**Problem details:** Starting at the line with "- 1 ea., PCB" and going on through the line with "- Adapt — remix, transform, and", reproduce each line in the records below exactly and nothing more.

[Records from a data source]

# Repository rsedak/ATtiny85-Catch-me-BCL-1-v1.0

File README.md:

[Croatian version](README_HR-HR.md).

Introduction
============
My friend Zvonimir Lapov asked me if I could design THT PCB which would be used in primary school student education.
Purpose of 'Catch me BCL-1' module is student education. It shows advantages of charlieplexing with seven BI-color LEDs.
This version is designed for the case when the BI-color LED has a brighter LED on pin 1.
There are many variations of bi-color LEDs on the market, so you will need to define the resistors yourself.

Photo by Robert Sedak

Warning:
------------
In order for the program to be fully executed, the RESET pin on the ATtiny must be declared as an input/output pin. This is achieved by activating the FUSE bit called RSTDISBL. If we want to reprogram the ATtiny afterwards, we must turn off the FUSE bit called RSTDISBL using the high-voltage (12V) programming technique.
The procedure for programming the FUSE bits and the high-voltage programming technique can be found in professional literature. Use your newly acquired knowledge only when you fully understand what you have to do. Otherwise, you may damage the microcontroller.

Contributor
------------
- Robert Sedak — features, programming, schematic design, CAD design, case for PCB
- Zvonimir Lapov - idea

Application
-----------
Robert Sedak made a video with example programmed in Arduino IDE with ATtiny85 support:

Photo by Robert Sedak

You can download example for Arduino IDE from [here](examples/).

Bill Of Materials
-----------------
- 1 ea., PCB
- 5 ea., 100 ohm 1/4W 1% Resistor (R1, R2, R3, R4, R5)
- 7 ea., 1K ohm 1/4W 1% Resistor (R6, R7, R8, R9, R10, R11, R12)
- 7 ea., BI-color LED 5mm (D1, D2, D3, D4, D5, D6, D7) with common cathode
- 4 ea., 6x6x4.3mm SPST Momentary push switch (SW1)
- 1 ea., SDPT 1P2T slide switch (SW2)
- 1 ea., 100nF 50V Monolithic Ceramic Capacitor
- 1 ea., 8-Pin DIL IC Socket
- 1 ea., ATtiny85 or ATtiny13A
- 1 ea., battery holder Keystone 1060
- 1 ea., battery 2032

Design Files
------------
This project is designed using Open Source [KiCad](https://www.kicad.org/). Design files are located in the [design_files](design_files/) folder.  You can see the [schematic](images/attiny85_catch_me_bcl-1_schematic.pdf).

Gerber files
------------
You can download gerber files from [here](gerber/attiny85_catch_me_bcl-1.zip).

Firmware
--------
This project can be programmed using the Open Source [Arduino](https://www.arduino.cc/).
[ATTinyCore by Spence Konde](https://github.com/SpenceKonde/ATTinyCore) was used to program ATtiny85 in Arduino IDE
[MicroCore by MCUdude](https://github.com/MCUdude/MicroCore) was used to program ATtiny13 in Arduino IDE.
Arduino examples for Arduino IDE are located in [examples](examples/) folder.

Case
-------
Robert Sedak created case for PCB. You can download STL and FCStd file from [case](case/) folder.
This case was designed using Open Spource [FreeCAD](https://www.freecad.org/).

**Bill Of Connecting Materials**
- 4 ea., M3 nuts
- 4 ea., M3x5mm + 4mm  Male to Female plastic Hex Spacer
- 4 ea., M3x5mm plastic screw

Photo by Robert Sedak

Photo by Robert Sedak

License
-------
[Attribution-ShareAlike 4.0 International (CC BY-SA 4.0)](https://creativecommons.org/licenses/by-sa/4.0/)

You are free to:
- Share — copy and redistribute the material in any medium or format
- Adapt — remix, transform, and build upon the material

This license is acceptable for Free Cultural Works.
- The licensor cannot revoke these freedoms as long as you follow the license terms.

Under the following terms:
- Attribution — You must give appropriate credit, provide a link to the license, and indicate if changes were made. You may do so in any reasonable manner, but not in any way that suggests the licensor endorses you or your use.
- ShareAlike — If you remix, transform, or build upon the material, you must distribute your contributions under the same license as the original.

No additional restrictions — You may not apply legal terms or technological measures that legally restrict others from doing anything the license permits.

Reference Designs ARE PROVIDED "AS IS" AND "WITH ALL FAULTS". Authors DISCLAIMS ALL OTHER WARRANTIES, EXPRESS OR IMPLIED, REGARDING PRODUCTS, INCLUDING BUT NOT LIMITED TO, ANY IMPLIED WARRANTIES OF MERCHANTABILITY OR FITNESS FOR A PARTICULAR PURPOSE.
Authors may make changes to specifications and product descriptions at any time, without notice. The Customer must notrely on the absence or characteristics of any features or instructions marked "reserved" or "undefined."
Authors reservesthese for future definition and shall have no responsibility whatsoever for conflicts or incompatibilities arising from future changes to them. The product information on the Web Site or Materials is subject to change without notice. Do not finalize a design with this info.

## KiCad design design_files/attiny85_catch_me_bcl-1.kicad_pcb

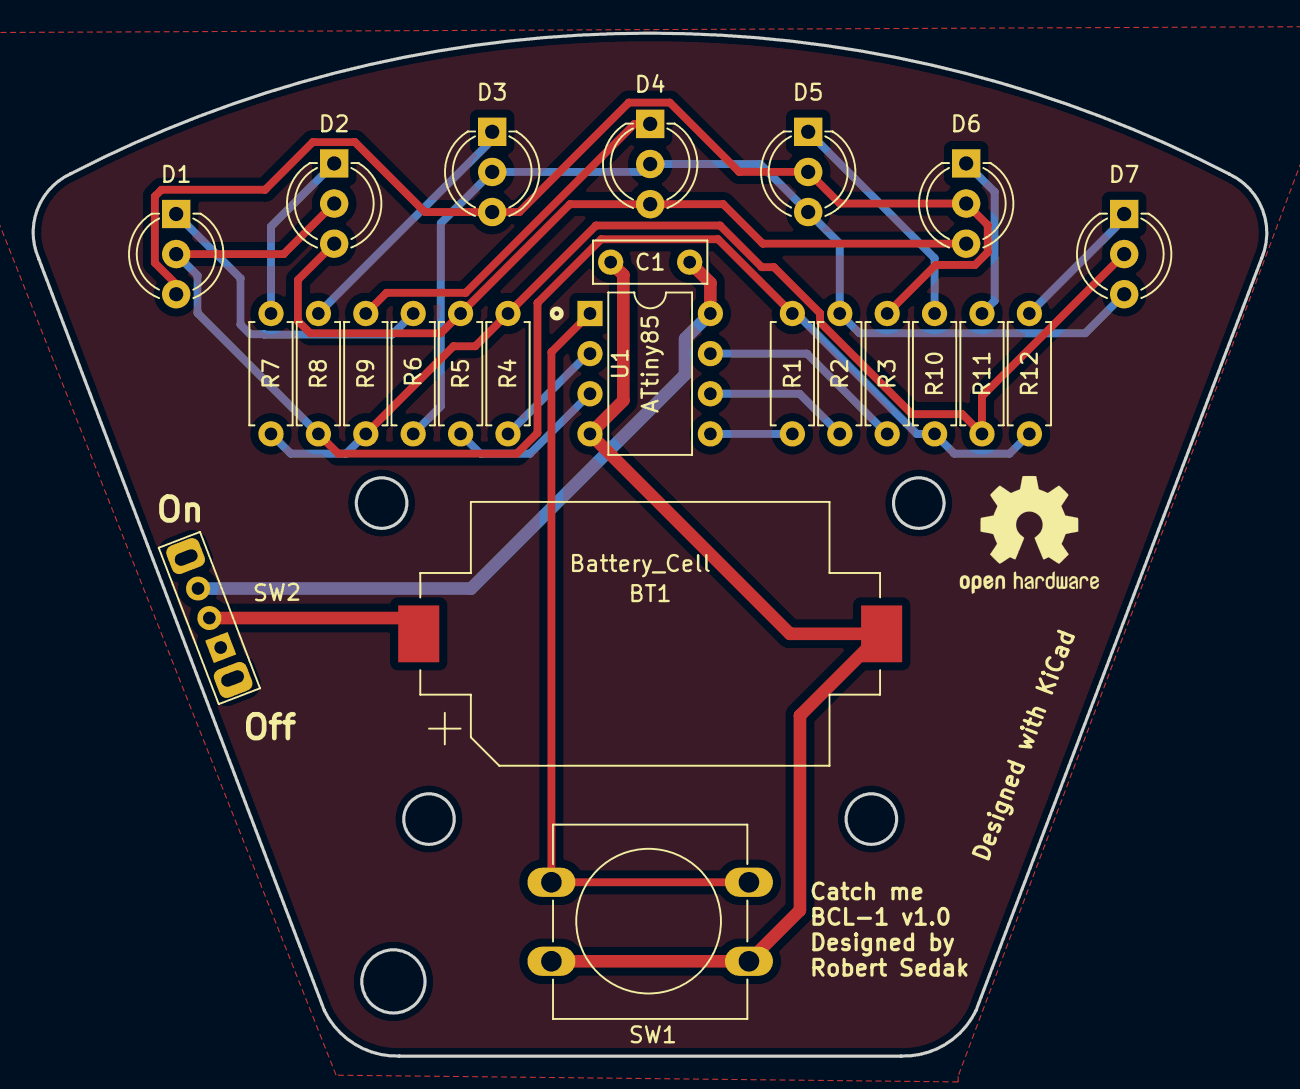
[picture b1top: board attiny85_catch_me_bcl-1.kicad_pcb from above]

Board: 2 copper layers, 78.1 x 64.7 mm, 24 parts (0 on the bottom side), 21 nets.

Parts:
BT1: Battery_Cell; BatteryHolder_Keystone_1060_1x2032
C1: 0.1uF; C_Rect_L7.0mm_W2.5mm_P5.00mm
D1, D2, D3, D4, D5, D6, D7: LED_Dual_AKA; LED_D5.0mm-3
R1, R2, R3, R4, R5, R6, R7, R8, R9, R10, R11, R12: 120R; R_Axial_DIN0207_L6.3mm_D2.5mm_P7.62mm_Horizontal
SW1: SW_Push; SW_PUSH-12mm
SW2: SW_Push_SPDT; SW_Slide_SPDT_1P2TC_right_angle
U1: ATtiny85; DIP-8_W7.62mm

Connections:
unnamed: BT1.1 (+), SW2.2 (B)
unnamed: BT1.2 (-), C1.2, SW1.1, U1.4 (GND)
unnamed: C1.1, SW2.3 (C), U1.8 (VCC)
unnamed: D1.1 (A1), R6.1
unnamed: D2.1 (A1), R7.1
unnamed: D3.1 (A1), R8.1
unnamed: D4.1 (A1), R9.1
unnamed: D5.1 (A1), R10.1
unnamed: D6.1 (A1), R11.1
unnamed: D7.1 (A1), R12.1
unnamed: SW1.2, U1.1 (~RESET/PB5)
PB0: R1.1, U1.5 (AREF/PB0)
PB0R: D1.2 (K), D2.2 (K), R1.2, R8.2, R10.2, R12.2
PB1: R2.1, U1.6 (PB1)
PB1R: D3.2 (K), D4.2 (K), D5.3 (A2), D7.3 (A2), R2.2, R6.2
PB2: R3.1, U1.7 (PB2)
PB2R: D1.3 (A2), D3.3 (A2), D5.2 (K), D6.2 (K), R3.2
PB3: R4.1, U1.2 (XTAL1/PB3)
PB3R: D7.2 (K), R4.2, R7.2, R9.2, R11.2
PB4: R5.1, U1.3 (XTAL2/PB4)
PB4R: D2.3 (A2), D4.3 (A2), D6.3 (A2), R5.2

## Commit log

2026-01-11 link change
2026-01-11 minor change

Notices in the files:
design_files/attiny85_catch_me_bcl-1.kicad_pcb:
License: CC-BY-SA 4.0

**Solution for this problem:**
- 1 ea., PCB
- 5 ea., 100 ohm 1/4W 1% Resistor (R1, R2, R3, R4, R5)
- 7 ea., 1K ohm 1/4W 1% Resistor (R6, R7, R8, R9, R10, R11, R12)
- 7 ea., BI-color LED 5mm (D1, D2, D3, D4, D5, D6, D7) with common cathode
- 4 ea., 6x6x4.3mm SPST Momentary push switch (SW1)
- 1 ea., SDPT 1P2T slide switch (SW2)
- 1 ea., 100nF 50V Monolithic Ceramic Capacitor
- 1 ea., 8-Pin DIL IC Socket
- 1 ea., ATtiny85 or ATtiny13A
- 1 ea., battery holder Keystone 1060
- 1 ea., battery 2032

Design Files
------------
This project is designed using Open Source [KiCad](https://www.kicad.org/). Design files are located in the [design_files](design_files/) folder.  You can see the [schematic](images/attiny85_catch_me_bcl-1_schematic.pdf).

Gerber files
------------
You can download gerber files from [here](gerber/attiny85_catch_me_bcl-1.zip).

Firmware
--------
This project can be programmed using the Open Source [Arduino](https://www.arduino.cc/).
[ATTinyCore by Spence Konde](https://github.com/SpenceKonde/ATTinyCore) was used to program ATtiny85 in Arduino IDE
[MicroCore by MCUdude](https://github.com/MCUdude/MicroCore) was used to program ATtiny13 in Arduino IDE.
Arduino examples for Arduino IDE are located in [examples](examples/) folder.

Case
-------
Robert Sedak created case for PCB. You can download STL and FCStd file from [case](case/) folder.
This case was designed using Open Spource [FreeCAD](https://www.freecad.org/).

**Bill Of Connecting Materials**
- 4 ea., M3 nuts
- 4 ea., M3x5mm + 4mm  Male to Female plastic Hex Spacer
- 4 ea., M3x5mm plastic screw

Photo by Robert Sedak

Photo by Robert Sedak

License
-------
[Attribution-ShareAlike 4.0 International (CC BY-SA 4.0)](https://creativecommons.org/licenses/by-sa/4.0/)

You are free to:
- Share — copy and redistribute the material in any medium or format
- Adapt — remix, transform, and build upon the material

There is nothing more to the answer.